>>>>>

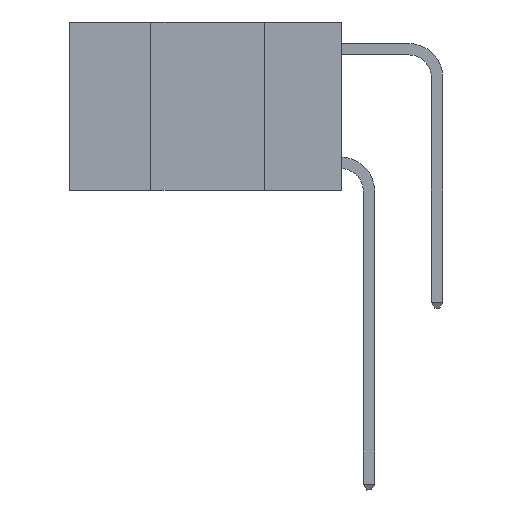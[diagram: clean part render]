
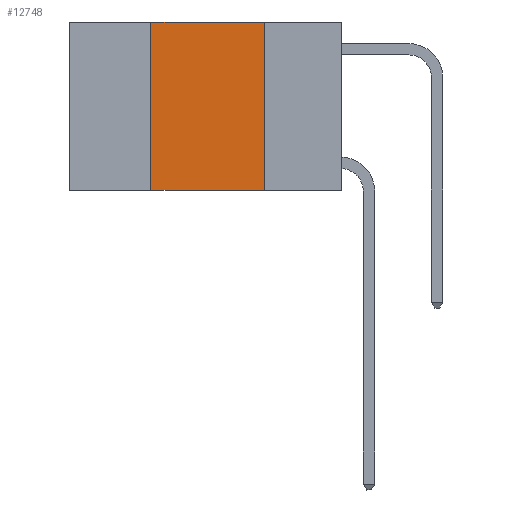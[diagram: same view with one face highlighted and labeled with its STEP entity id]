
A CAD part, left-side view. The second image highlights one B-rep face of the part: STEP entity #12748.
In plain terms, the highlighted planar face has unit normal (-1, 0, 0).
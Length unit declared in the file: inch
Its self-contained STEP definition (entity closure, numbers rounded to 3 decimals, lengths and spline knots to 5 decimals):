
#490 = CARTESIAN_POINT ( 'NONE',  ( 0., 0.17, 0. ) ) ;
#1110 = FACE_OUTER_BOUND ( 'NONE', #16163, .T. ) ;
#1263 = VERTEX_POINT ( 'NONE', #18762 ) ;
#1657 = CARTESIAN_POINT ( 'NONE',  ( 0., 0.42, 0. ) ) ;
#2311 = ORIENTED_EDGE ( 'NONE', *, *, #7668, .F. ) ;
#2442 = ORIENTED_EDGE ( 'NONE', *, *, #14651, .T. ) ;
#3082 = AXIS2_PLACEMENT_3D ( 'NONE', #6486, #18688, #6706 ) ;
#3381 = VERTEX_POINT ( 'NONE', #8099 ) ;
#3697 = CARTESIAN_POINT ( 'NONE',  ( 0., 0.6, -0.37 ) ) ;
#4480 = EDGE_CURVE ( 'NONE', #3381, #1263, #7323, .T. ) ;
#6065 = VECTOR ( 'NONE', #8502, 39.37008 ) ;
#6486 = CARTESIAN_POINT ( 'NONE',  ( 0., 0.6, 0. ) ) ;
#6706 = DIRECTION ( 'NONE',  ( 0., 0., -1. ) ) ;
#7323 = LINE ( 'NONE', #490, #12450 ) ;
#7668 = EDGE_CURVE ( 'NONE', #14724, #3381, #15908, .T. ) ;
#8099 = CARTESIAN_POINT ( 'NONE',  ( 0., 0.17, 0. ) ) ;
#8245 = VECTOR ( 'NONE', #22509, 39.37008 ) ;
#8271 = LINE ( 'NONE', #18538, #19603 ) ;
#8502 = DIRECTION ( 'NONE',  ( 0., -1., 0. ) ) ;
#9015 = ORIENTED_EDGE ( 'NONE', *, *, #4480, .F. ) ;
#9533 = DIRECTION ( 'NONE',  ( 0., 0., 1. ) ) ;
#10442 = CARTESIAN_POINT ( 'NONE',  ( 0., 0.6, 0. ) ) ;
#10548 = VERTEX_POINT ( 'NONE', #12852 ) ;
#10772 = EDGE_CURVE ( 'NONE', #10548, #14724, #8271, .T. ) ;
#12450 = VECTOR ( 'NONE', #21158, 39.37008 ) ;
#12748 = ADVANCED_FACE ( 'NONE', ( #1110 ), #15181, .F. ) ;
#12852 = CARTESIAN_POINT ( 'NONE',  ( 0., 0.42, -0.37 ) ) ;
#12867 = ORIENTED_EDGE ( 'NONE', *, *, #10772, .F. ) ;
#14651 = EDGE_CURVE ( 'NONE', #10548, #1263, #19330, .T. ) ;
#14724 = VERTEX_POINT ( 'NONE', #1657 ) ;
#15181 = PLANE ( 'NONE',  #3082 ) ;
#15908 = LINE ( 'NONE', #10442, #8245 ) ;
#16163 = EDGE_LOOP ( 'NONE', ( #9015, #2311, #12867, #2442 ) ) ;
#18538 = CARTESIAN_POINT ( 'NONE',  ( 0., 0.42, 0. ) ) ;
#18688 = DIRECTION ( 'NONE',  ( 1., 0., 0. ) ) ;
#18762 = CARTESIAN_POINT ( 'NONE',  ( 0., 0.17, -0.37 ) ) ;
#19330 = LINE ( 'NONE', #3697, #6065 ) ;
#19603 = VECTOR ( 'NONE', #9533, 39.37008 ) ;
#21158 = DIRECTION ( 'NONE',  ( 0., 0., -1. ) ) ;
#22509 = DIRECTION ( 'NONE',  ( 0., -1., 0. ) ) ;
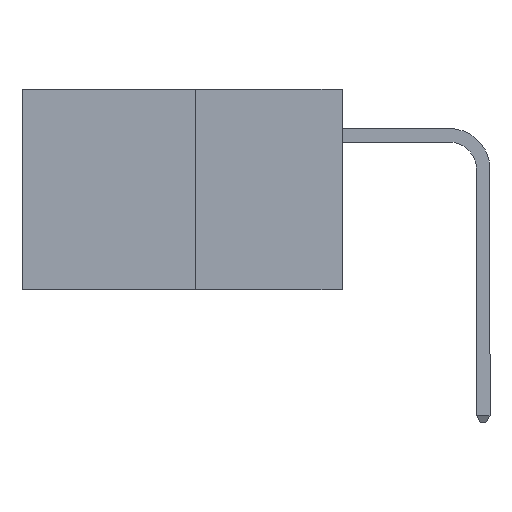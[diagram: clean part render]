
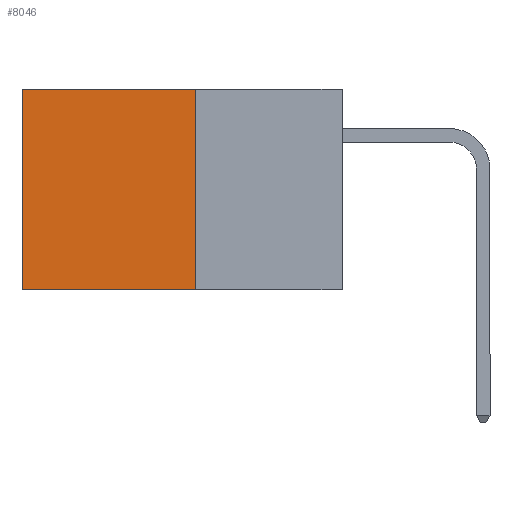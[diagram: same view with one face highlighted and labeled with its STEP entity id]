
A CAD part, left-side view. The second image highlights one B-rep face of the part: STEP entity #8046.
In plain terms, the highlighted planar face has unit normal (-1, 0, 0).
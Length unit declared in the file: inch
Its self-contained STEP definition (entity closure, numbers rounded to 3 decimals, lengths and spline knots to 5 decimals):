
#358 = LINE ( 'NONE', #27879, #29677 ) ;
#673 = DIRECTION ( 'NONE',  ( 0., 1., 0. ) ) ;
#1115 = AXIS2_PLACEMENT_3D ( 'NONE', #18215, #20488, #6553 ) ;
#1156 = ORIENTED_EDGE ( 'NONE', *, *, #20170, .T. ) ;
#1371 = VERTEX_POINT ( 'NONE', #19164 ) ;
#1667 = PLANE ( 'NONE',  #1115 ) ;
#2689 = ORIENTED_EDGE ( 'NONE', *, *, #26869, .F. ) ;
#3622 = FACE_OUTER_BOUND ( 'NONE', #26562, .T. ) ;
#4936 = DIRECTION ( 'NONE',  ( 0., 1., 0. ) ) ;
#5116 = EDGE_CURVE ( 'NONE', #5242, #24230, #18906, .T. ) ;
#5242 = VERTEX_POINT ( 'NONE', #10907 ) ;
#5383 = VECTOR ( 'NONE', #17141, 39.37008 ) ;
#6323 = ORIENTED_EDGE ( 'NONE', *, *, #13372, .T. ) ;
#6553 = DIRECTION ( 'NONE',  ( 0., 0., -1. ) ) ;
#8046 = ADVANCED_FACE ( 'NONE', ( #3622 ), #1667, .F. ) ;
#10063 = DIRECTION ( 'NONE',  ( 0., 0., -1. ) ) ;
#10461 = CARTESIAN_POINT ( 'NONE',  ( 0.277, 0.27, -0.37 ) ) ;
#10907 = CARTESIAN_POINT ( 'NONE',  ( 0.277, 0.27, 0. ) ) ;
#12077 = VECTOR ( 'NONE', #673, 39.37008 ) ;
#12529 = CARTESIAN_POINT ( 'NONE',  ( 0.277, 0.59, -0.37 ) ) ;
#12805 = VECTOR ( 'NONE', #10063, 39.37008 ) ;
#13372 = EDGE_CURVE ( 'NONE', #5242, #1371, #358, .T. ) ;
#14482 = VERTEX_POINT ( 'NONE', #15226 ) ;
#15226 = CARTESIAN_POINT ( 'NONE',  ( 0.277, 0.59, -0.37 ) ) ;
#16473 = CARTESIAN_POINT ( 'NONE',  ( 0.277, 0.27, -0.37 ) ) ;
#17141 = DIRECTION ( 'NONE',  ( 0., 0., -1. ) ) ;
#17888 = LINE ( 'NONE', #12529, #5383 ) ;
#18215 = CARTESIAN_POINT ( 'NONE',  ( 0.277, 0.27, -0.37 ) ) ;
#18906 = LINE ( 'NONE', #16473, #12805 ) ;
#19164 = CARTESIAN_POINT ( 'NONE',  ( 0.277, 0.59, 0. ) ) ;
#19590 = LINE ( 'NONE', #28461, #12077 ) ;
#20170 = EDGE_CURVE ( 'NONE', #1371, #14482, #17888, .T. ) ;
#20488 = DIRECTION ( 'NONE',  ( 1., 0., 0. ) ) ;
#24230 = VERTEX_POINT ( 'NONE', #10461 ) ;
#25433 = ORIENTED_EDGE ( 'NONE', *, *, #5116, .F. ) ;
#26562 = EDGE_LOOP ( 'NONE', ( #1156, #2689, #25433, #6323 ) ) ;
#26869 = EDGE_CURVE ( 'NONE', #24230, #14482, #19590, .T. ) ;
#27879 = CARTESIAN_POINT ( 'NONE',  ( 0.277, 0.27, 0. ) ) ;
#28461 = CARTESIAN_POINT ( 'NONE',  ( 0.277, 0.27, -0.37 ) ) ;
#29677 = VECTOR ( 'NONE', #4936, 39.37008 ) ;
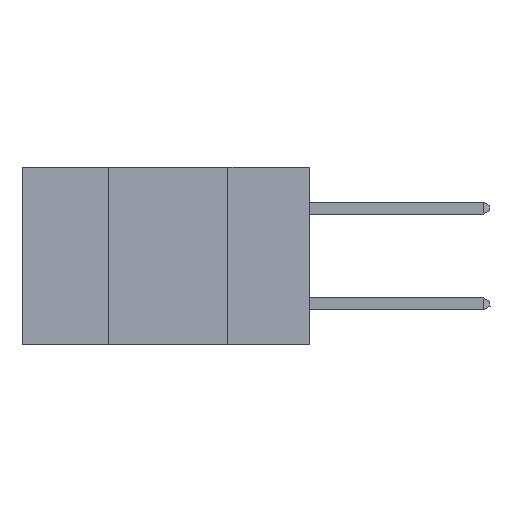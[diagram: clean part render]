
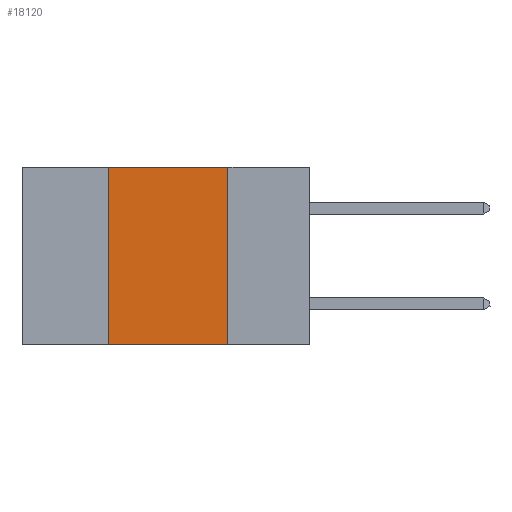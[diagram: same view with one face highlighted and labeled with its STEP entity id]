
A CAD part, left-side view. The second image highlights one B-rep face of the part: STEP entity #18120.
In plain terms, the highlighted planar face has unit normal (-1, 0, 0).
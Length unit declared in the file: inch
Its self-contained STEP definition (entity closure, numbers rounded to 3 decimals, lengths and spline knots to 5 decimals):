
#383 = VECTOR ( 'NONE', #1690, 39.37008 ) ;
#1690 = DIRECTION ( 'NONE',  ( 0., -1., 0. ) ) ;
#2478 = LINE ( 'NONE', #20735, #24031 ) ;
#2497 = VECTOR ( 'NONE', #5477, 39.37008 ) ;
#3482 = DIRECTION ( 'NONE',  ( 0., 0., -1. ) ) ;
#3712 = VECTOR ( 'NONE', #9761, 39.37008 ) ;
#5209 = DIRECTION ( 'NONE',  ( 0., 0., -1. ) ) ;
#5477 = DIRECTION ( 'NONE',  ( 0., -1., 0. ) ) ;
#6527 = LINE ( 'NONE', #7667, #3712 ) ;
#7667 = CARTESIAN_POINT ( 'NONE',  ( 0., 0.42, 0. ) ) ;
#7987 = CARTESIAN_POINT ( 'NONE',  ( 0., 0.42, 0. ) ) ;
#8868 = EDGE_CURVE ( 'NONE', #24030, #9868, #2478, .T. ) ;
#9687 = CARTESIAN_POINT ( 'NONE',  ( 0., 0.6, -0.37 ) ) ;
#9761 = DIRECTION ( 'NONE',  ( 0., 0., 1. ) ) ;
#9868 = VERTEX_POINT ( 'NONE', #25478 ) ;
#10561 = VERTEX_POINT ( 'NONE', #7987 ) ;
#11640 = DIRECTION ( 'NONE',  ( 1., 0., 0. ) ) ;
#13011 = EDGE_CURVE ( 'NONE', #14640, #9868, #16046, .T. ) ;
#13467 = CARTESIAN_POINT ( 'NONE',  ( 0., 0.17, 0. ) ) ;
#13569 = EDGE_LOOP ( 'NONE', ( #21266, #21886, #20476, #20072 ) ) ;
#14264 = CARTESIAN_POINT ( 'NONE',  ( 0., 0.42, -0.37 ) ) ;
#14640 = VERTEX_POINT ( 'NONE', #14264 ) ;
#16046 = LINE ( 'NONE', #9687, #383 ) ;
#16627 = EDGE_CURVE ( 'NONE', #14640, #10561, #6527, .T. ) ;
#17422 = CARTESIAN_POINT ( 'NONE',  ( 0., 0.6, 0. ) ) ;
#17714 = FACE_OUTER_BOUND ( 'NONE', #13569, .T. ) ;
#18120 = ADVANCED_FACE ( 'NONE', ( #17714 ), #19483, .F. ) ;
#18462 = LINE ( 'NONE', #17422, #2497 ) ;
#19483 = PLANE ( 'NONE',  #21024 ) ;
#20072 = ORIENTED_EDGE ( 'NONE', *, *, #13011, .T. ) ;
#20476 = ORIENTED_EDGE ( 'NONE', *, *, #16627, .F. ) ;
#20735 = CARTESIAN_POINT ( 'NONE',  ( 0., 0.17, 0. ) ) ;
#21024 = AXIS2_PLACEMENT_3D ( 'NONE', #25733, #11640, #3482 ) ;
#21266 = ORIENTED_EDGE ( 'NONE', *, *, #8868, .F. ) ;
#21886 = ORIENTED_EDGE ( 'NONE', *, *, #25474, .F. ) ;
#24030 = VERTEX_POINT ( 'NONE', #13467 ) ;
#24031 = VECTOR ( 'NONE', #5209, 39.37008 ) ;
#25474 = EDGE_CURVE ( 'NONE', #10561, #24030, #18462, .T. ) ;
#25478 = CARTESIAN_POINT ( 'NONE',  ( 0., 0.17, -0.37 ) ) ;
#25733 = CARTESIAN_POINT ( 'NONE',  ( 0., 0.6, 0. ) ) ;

<<<<<

EXERCISE REQUIREMENTS:
Looking at the data above, count the lines that contain the string "image" and give only the count.

ANSWER TO THIS TASK:
3